I steeled myself and asked the question I’d been dreading.

“How much?”

“Ten silver ducs,” he said.

“Ten ducs! For this?”

My objection, typically rote, was driven by genuine outrage this time.

The stall owner flinched, lowering his gaze. His hands gripped the table, and I thought he looked about to run. After a few seconds I noticed that he was shaking.

I tried to imagine what it had to be like as someone without maja, bringing his cart full of goods to a market in the sorcerer’s academy.

If a random student had been walking around with six silver coins, then money couldn’t exactly be scarce here. That might tempt a mundane merchant up the mountain. But at the same time, most of the students here were killers, or future killers.

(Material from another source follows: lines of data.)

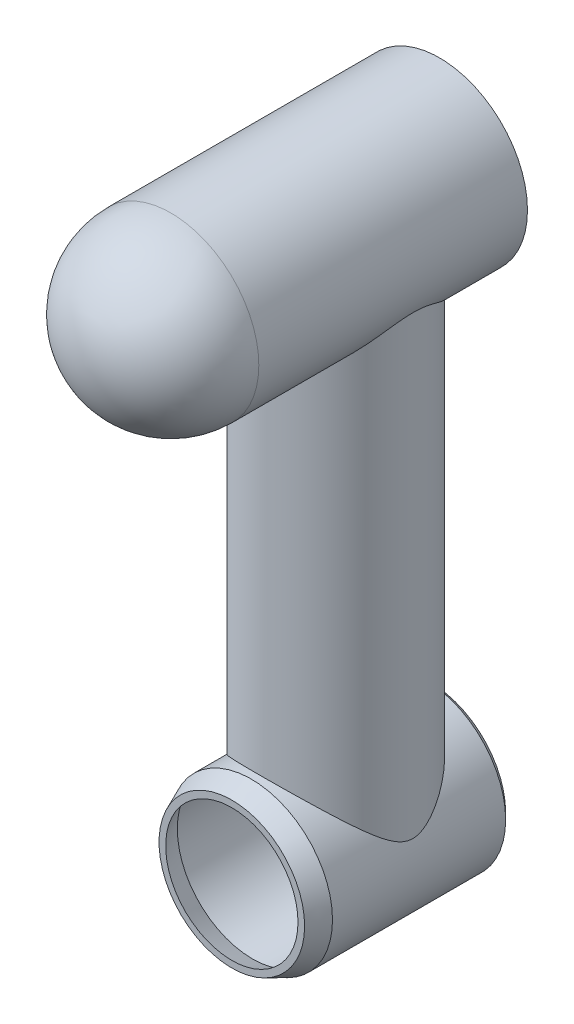
SolidWorks part; units mm, degrees
material "2014-T4"
ref_plane "Front Plane" through (0, 0, 0) normal (0, 0, 1) x (1, 0, 0)
ref_plane "Top Plane" through (0, 0, 0) normal (0, 1, 0) x (1, 0, 0)
ref_plane "Right Plane" through (0, 0, 0) normal (1, 0, 0) x (0, 0, -1)
sketch "Sketch1" plane through (0, 0, 0) normal (0, 0, 1) x (1, 0, 0)
  circle A0 centre (0, 0) radius 72.5
  dimension "D1" = 145
extrude "Boss-Extrude1" add sketch "Sketch1" along normal blind 294
fillet "Fillet1" radius 72.5 1 edges at (72.5, 0, 294)
sketch "Sketch2" plane through (0, 0, 0) normal (0, 1, 0) x (1, 0, 0)
  circle A0 centre (0, -85.5) radius 63.5
  dimension "D2" = 127
  dimension "D1" = 85.5
extrude "Boss-Extrude2" add sketch "Sketch2" against normal blind 431.8
ref_axis "Axis1" through (0, -425.7056, 85.5) along (0, 1, 0)
ref_plane "Plane1" through (0, 0, 85.5) normal (0, 0, 1) x (1, 0, 0)
sketch "Sketch3" plane through (0, 0, 85.5) normal (0, 0, 1) x (1, 0, 0)
  line L0 (-63.5, -431.8) -> (63.5, -431.8) construction
  line L1 (-63.5, -431.8) -> (63.5, -431.8)
  circle A0 centre (0, -431.8) radius 67
  dimension "D1" = 134
extrude "Boss-Extrude3" add sketch "Sketch3" along normal blind 85.75 and the other way blind 78 contours A0
chamfer "Chamfer1" distance 5 angle 45 1 edges at (67, -431.8, 7.5)
chamfer "Chamfer2" distance 16 distance2 7 1 edges at (67, -431.8, 171.25) first distance on face at (67, -431.8, 12.5)
shell "Shell1" thickness 5 removed face at (60, -431.8, 171.25) removed face at (72.5, 0, 0)

The owner had to be worried that any student might just kill him for what they wanted, and I wasn’t sure the worry was unfounded.

“What I meant to say is, I don’t think ten ducs is fair,” I said more levelly. “I wouldn’t pay more than a single duc for it.”

“It’s got to be two,” the merchant said. He looked up, releasing his grip on the table. “Two ducs.”

Two ducs. A third of my money. But it would open up so many options for me.

“All right,” I said. “I’ll take it.”

I fished two of the silver coins out of my pouch and handed them to him. He took them, dropping them into the slot of a lockbox next to him on the counter.

I picked up the book and held it to my chest.

I’d only properly inspected the first couple of feet of the stall. Beyond the paper, there were clay ink pots; little round jars with telltale black stains around the edge of the lid, like small fat animals that had eaten too much. There were ink sticks and ink stones. There were pens; expertly cut feather quills, reed pens like the ones I made, and even sharp steel nibs in wooden holders. There was a blackwood case sitting open near the back, proudly displaying a set of iron geometry tools, and a straw basket at the end with a collection of pencils in both charcoal and graphite.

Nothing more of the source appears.